I am having a hard time finding the domain, set notation,excluded value.
Rational expression 1.
Y^2+11y+30/y+5
Rational expression 2.
5a-3/a^2-49
let f(y) = (y^2 + 11y + 30)/(y+5) <---- those brackets are needed or else we would have a term of 30/y sitting there all by itself
= (y+5)(y+6)/(y+5)
= y+6
That is, f(y) behaves just like a linear function of
f(y) = y+6, EXCEPT when y = -5
in the original function we get
f(-5) = 0/0
in the reduced function we get f(-5) = 1
conclusion:
domain is any real number of y , except y = -5
in the 2nd:
f(a) = (5a - 3)/(a^2 - 49(
= (5a - 3)/((a+7)(a-7))
here nothing divides out, so we have to leave it like that.

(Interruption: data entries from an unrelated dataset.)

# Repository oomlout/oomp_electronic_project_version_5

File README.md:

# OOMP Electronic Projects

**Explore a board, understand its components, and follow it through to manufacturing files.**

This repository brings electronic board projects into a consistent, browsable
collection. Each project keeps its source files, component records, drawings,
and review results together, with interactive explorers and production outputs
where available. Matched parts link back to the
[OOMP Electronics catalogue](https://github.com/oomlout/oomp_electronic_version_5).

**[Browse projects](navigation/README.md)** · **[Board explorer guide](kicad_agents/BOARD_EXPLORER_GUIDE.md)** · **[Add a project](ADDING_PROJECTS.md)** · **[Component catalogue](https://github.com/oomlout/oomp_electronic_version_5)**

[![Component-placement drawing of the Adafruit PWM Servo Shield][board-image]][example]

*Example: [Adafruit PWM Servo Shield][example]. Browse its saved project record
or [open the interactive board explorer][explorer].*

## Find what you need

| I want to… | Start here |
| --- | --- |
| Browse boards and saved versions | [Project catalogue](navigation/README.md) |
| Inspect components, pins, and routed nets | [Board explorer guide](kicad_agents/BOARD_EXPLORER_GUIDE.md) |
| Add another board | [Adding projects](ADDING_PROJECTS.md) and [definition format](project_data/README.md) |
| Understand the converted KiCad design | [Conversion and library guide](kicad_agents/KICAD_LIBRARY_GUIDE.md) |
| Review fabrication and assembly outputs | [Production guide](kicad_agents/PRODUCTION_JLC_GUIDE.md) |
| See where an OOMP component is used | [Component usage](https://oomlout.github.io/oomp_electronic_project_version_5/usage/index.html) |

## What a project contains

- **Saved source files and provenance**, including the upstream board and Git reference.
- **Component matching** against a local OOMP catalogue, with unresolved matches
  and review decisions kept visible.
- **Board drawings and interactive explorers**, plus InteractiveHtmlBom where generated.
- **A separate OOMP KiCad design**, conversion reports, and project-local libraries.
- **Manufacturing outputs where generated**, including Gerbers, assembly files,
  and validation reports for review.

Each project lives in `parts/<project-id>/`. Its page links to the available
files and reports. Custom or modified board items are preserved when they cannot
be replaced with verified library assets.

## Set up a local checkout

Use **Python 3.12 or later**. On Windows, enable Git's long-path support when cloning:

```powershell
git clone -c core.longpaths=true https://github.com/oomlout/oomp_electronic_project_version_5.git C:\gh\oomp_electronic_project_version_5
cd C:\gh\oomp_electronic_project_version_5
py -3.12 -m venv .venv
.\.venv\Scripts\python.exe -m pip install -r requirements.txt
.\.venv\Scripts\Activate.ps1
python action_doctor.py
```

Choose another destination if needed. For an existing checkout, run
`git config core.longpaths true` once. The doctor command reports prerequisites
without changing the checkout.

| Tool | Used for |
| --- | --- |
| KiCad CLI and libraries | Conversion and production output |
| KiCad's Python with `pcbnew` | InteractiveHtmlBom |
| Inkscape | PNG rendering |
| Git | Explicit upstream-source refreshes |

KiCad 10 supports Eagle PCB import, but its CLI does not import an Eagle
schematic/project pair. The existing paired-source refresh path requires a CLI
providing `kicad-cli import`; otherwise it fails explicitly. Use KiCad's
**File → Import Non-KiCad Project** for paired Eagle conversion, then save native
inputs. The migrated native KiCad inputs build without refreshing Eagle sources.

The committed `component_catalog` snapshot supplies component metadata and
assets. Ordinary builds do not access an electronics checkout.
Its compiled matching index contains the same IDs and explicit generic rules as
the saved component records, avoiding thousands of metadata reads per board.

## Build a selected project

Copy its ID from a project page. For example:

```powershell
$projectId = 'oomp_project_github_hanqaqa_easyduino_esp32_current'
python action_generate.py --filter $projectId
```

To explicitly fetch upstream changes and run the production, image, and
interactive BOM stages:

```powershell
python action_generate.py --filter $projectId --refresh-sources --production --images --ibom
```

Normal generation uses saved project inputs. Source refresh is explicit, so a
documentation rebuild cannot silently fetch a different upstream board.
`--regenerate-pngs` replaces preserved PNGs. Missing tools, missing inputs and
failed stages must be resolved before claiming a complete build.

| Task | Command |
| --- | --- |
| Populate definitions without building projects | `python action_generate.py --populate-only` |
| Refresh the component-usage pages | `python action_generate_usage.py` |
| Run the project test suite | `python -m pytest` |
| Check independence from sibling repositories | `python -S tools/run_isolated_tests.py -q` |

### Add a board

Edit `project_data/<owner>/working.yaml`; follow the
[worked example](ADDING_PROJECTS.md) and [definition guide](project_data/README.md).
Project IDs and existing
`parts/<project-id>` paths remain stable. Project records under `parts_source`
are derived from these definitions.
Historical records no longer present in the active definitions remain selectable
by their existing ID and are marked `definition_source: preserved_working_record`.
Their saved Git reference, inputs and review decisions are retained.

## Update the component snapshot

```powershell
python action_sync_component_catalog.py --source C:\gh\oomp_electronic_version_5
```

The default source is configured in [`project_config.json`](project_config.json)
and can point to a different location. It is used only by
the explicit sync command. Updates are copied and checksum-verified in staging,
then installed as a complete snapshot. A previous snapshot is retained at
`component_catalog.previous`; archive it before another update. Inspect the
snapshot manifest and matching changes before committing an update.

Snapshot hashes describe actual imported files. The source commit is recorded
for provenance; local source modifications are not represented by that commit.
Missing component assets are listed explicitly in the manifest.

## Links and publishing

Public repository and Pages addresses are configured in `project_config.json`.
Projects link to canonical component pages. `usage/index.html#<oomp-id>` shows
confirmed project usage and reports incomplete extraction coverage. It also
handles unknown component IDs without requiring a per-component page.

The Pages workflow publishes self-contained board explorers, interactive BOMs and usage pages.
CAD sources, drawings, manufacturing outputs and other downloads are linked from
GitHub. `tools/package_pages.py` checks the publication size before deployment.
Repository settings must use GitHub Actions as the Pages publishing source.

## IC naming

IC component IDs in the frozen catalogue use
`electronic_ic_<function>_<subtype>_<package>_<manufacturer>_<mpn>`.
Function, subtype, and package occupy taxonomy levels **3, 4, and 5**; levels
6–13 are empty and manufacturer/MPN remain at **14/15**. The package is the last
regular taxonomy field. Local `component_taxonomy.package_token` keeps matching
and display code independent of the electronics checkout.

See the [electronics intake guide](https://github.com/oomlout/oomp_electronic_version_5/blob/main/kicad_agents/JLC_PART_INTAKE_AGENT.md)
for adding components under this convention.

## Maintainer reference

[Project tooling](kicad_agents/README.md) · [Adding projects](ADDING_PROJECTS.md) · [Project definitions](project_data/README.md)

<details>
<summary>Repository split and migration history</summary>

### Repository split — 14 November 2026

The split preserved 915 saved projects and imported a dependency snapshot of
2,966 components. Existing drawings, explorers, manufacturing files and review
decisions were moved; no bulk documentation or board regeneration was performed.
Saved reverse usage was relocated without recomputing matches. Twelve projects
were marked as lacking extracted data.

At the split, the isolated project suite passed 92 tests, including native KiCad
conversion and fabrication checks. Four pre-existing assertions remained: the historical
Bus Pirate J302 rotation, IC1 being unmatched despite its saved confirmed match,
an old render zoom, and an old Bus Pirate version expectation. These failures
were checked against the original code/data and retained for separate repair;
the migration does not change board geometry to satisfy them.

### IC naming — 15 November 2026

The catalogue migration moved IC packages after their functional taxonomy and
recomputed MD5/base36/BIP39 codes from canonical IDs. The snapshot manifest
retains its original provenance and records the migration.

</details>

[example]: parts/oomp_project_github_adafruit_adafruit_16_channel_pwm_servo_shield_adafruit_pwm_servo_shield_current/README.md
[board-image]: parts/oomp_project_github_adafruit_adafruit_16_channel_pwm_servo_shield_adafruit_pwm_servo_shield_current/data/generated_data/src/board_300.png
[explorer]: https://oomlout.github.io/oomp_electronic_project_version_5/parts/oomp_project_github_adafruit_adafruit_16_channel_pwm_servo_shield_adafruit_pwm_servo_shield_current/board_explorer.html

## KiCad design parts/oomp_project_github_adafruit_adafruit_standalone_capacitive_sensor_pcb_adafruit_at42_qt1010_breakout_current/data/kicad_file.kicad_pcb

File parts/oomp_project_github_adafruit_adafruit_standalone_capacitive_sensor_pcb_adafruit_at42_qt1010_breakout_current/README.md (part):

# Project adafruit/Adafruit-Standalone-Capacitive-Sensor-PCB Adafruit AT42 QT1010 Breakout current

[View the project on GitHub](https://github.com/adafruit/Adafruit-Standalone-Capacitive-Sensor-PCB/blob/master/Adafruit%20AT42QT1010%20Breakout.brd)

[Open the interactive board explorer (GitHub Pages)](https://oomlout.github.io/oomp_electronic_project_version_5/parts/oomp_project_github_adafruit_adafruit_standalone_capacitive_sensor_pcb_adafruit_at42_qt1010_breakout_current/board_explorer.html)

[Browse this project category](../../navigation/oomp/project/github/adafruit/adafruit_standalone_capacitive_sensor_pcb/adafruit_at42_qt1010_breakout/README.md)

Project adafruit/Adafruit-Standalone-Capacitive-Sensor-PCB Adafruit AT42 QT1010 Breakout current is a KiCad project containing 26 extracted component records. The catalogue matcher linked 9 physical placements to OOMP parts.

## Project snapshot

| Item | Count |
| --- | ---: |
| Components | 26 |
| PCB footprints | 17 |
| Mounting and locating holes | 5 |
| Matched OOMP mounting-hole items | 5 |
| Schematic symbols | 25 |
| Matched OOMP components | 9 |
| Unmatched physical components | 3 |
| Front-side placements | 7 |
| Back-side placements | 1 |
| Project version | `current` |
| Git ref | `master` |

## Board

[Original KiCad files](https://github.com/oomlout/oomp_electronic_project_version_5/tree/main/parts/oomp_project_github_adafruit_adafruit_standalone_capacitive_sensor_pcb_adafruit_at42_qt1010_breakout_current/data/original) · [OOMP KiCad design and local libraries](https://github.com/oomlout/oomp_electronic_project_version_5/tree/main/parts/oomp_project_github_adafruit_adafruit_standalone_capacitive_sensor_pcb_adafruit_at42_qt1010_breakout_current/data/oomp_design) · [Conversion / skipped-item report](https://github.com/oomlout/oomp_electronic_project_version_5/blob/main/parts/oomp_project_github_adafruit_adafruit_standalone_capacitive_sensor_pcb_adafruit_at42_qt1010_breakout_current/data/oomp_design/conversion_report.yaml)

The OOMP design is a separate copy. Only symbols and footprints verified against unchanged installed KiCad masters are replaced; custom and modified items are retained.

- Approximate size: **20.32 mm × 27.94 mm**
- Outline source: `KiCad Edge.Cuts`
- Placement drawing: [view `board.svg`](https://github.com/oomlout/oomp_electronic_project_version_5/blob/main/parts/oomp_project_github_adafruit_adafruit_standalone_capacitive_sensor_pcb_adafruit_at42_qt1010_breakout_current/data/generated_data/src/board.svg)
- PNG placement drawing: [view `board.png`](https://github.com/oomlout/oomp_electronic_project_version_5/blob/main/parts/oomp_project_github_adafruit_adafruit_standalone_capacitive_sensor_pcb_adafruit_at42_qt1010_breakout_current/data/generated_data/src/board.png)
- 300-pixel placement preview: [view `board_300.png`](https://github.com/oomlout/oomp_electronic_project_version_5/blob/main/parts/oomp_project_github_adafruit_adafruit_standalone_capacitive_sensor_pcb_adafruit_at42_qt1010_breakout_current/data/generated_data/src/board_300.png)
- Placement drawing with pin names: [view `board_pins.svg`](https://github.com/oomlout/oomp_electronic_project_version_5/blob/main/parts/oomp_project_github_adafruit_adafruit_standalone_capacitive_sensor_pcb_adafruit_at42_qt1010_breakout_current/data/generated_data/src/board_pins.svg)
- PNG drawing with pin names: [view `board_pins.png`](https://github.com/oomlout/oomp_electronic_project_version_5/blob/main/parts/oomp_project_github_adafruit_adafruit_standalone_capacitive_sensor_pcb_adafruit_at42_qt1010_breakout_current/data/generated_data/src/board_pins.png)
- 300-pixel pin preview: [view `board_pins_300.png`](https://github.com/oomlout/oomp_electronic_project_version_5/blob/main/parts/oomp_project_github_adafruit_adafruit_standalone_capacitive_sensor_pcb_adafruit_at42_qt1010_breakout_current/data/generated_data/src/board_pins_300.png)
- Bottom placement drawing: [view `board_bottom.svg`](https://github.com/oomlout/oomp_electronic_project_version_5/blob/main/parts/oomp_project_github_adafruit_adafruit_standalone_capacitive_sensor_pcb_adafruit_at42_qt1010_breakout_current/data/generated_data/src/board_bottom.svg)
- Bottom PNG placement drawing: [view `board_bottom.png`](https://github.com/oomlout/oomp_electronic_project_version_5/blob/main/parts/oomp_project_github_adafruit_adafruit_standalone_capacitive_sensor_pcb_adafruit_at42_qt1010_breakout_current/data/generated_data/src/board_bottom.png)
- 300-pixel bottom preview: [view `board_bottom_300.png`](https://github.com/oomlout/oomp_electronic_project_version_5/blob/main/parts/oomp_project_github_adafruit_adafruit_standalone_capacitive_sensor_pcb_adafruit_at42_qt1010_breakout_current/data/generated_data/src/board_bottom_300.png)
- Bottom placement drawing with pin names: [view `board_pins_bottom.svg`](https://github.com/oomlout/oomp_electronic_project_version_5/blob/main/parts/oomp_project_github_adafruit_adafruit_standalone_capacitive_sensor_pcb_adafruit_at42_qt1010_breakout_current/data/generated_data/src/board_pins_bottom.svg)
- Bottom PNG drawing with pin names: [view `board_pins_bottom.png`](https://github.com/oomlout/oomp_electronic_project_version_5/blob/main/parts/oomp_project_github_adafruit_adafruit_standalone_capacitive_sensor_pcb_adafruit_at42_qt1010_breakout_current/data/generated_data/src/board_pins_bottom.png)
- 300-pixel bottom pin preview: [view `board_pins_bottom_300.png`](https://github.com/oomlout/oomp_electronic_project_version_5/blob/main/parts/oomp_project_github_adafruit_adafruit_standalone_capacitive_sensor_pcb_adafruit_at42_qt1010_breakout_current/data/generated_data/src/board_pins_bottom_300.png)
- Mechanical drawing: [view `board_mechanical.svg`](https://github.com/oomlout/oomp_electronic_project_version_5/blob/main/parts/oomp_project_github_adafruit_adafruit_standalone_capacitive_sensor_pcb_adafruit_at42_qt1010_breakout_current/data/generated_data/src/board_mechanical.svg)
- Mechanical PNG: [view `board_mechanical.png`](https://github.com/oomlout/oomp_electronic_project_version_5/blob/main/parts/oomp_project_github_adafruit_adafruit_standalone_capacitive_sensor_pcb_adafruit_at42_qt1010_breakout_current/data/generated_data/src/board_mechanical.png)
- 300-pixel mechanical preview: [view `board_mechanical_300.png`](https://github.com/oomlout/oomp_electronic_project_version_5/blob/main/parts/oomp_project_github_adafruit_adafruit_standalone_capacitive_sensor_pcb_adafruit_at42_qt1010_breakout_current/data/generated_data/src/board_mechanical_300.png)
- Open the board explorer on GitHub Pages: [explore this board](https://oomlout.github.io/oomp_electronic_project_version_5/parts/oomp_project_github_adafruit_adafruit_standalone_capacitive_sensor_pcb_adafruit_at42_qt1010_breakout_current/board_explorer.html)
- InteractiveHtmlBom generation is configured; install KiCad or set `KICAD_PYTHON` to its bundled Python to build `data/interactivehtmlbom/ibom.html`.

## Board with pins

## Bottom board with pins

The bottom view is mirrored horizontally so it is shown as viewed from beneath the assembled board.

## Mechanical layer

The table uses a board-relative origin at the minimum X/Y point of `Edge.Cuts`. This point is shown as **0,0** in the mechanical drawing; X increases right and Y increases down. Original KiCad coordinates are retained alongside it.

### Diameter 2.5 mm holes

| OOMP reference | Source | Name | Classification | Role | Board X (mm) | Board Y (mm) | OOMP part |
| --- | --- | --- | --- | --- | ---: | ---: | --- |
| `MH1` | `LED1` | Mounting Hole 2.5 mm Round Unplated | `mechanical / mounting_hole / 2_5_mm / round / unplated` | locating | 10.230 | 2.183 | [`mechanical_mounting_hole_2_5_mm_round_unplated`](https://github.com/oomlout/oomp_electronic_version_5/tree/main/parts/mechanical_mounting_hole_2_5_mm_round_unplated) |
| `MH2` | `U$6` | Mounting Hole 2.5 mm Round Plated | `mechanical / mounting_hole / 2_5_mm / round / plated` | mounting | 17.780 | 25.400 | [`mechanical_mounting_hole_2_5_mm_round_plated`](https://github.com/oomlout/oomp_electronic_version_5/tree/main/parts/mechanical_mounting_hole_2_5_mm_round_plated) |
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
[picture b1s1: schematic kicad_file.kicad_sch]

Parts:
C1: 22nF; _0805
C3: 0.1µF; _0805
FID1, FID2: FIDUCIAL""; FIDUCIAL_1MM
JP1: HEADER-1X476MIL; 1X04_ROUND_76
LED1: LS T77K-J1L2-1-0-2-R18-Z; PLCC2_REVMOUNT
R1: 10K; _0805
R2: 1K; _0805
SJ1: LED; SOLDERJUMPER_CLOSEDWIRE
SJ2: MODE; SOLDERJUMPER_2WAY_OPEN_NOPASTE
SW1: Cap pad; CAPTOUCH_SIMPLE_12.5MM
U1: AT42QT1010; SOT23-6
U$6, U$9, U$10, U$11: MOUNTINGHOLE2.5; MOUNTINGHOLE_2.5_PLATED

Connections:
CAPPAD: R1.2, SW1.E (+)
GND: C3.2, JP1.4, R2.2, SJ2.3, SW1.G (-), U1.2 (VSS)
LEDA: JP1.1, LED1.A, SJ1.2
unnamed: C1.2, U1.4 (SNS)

notice when a = 7 , we get f(7) = 32/0 <--- undefined
when a = -7 , we get f(-7) = -38/0 <--- undefined
domain: all real values of a, except ±7
The undefined at ±7 results in vertical asymptotes at those two values, BUT in your first expression we had 0/0, which is called indeterminate instead of undefined.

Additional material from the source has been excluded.